**WHAT THE TASK REQUIRES**
The answer should consist of each line from the data below that includes "PortSchema".

*-*-*

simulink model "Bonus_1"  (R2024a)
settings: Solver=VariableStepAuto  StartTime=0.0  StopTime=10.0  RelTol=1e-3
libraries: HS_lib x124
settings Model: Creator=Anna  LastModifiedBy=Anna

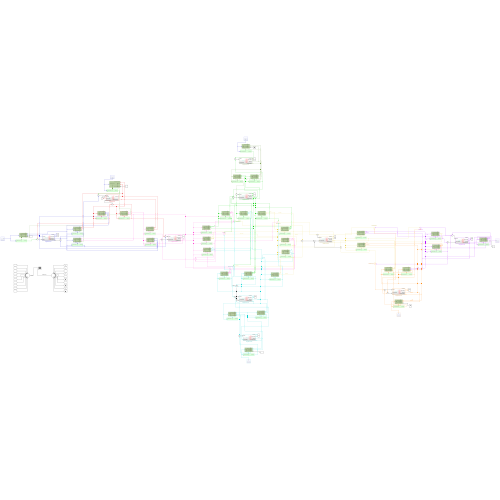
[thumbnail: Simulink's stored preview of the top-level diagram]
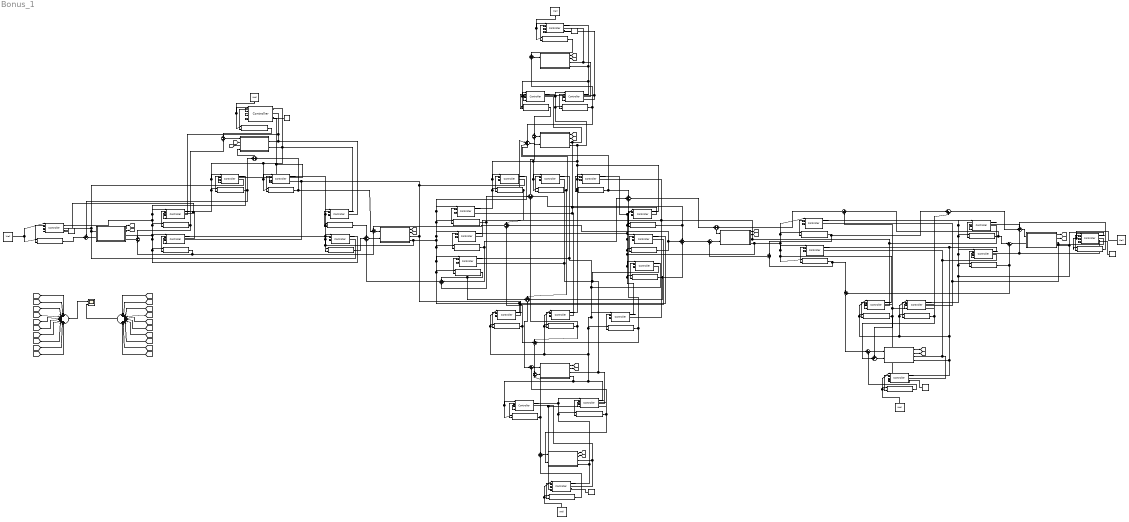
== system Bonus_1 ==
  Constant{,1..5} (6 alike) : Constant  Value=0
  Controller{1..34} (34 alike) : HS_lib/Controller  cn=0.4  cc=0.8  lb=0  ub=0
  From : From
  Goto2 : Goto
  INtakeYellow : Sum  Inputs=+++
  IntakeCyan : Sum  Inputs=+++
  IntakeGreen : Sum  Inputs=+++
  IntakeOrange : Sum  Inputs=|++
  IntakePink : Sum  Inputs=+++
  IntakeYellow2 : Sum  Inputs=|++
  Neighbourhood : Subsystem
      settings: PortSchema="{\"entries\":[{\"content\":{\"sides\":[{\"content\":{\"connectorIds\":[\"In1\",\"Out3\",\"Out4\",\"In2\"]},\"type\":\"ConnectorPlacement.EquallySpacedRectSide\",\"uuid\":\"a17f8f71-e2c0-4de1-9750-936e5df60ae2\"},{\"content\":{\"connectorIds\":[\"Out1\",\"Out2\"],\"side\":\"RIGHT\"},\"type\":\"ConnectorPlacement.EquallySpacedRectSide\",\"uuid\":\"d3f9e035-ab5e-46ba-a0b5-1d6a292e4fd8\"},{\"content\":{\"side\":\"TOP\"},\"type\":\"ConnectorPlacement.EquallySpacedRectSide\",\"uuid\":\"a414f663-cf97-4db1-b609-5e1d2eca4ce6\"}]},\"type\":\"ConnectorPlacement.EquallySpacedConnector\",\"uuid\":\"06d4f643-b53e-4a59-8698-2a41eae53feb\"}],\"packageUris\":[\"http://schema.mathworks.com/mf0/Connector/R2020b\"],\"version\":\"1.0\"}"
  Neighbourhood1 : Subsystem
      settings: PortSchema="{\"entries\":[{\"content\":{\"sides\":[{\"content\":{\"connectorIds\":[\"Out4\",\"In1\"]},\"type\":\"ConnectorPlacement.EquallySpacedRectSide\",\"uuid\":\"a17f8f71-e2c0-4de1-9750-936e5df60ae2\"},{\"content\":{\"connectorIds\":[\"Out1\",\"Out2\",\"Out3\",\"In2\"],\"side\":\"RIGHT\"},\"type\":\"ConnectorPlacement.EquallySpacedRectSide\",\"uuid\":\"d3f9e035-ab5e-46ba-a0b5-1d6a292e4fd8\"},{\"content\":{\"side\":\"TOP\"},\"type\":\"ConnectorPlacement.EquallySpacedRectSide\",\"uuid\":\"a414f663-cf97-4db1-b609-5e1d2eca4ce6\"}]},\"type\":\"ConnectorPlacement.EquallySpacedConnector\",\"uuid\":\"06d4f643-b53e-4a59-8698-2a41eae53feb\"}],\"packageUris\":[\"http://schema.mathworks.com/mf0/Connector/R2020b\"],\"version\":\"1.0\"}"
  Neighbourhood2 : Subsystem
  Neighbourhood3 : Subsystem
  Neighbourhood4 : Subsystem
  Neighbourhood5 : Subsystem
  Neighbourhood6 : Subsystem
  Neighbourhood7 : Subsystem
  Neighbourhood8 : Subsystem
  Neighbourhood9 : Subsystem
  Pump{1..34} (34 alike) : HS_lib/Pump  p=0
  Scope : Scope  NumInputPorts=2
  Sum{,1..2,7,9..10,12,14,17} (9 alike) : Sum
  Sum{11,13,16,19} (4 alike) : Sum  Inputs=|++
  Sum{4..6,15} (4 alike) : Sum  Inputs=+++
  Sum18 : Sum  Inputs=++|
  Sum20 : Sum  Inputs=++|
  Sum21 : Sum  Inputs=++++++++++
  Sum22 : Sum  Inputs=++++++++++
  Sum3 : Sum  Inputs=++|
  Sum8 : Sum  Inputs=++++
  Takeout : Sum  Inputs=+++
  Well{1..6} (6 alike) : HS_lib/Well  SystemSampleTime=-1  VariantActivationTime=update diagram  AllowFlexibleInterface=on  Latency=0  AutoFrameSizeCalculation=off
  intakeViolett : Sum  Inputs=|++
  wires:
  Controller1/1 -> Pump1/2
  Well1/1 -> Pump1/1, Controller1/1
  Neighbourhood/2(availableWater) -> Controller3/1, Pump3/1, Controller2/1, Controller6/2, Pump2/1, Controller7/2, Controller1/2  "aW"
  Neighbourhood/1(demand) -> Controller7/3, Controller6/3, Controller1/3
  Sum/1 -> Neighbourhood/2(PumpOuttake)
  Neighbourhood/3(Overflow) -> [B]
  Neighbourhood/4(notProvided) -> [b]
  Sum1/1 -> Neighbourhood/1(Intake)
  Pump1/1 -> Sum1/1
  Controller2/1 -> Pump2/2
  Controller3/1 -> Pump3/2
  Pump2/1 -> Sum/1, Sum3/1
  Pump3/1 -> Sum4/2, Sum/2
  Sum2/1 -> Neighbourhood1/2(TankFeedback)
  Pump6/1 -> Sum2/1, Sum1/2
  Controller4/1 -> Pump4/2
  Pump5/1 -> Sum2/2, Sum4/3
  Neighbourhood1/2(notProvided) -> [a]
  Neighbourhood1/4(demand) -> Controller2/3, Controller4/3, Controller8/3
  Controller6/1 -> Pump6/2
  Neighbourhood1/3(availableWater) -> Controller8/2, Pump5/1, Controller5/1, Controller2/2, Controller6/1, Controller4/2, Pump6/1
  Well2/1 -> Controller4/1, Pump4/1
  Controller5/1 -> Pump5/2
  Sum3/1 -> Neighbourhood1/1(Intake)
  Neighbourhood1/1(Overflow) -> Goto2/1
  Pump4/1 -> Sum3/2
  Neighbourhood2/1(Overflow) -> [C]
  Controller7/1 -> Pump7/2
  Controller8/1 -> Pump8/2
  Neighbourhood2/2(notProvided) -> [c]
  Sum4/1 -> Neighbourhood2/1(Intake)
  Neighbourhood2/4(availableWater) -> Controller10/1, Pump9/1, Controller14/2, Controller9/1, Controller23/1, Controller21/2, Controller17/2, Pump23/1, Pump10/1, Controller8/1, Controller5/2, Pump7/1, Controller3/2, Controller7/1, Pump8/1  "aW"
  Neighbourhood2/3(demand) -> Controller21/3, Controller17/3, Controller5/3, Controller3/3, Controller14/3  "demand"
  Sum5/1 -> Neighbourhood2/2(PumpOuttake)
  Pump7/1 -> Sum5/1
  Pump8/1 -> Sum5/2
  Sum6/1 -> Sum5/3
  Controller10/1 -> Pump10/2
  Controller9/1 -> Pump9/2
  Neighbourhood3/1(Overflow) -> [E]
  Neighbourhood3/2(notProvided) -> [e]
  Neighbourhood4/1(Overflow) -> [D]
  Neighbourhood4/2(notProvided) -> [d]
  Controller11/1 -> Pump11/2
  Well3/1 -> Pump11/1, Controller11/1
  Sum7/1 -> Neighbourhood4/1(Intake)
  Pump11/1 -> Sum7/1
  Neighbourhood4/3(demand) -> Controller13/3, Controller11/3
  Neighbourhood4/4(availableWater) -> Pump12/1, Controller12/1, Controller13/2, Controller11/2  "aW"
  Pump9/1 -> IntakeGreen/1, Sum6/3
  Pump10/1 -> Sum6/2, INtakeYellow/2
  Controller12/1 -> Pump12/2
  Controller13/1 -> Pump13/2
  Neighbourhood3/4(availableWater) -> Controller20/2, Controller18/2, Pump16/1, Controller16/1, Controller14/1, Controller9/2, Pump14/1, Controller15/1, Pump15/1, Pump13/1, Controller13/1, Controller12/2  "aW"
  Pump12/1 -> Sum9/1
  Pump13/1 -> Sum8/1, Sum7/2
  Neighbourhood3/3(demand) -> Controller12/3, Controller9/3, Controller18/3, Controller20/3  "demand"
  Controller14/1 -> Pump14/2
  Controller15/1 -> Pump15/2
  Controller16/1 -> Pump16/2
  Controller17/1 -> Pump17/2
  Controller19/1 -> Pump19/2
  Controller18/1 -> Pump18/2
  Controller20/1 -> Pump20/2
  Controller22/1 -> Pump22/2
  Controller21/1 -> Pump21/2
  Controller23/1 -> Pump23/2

*-*-*

**THE COMPLETED TASK**
      settings: PortSchema="{\"entries\":[{\"content\":{\"sides\":[{\"content\":{\"connectorIds\":[\"In1\",\"Out3\",\"Out4\",\"In2\"]},\"type\":\"ConnectorPlacement.EquallySpacedRectSide\",\"uuid\":\"a17f8f71-e2c0-4de1-9750-936e5df60ae2\"},{\"content\":{\"connectorIds\":[\"Out1\",\"Out2\"],\"side\":\"RIGHT\"},\"type\":\"ConnectorPlacement.EquallySpacedRectSide\",\"uuid\":\"d3f9e035-ab5e-46ba-a0b5-1d6a292e4fd8\"},{\"content\":{\"side\":\"TOP\"},\"type\":\"ConnectorPlacement.EquallySpacedRectSide\",\"uuid\":\"a414f663-cf97-4db1-b609-5e1d2eca4ce6\"}]},\"type\":\"ConnectorPlacement.EquallySpacedConnector\",\"uuid\":\"06d4f643-b53e-4a59-8698-2a41eae53feb\"}],\"packageUris\":[\"http://schema.mathworks.com/mf0/Connector/R2020b\"],\"version\":\"1.0\"}"
      settings: PortSchema="{\"entries\":[{\"content\":{\"sides\":[{\"content\":{\"connectorIds\":[\"Out4\",\"In1\"]},\"type\":\"ConnectorPlacement.EquallySpacedRectSide\",\"uuid\":\"a17f8f71-e2c0-4de1-9750-936e5df60ae2\"},{\"content\":{\"connectorIds\":[\"Out1\",\"Out2\",\"Out3\",\"In2\"],\"side\":\"RIGHT\"},\"type\":\"ConnectorPlacement.EquallySpacedRectSide\",\"uuid\":\"d3f9e035-ab5e-46ba-a0b5-1d6a292e4fd8\"},{\"content\":{\"side\":\"TOP\"},\"type\":\"ConnectorPlacement.EquallySpacedRectSide\",\"uuid\":\"a414f663-cf97-4db1-b609-5e1d2eca4ce6\"}]},\"type\":\"ConnectorPlacement.EquallySpacedConnector\",\"uuid\":\"06d4f643-b53e-4a59-8698-2a41eae53feb\"}],\"packageUris\":[\"http://schema.mathworks.com/mf0/Connector/R2020b\"],\"version\":\"1.0\"}"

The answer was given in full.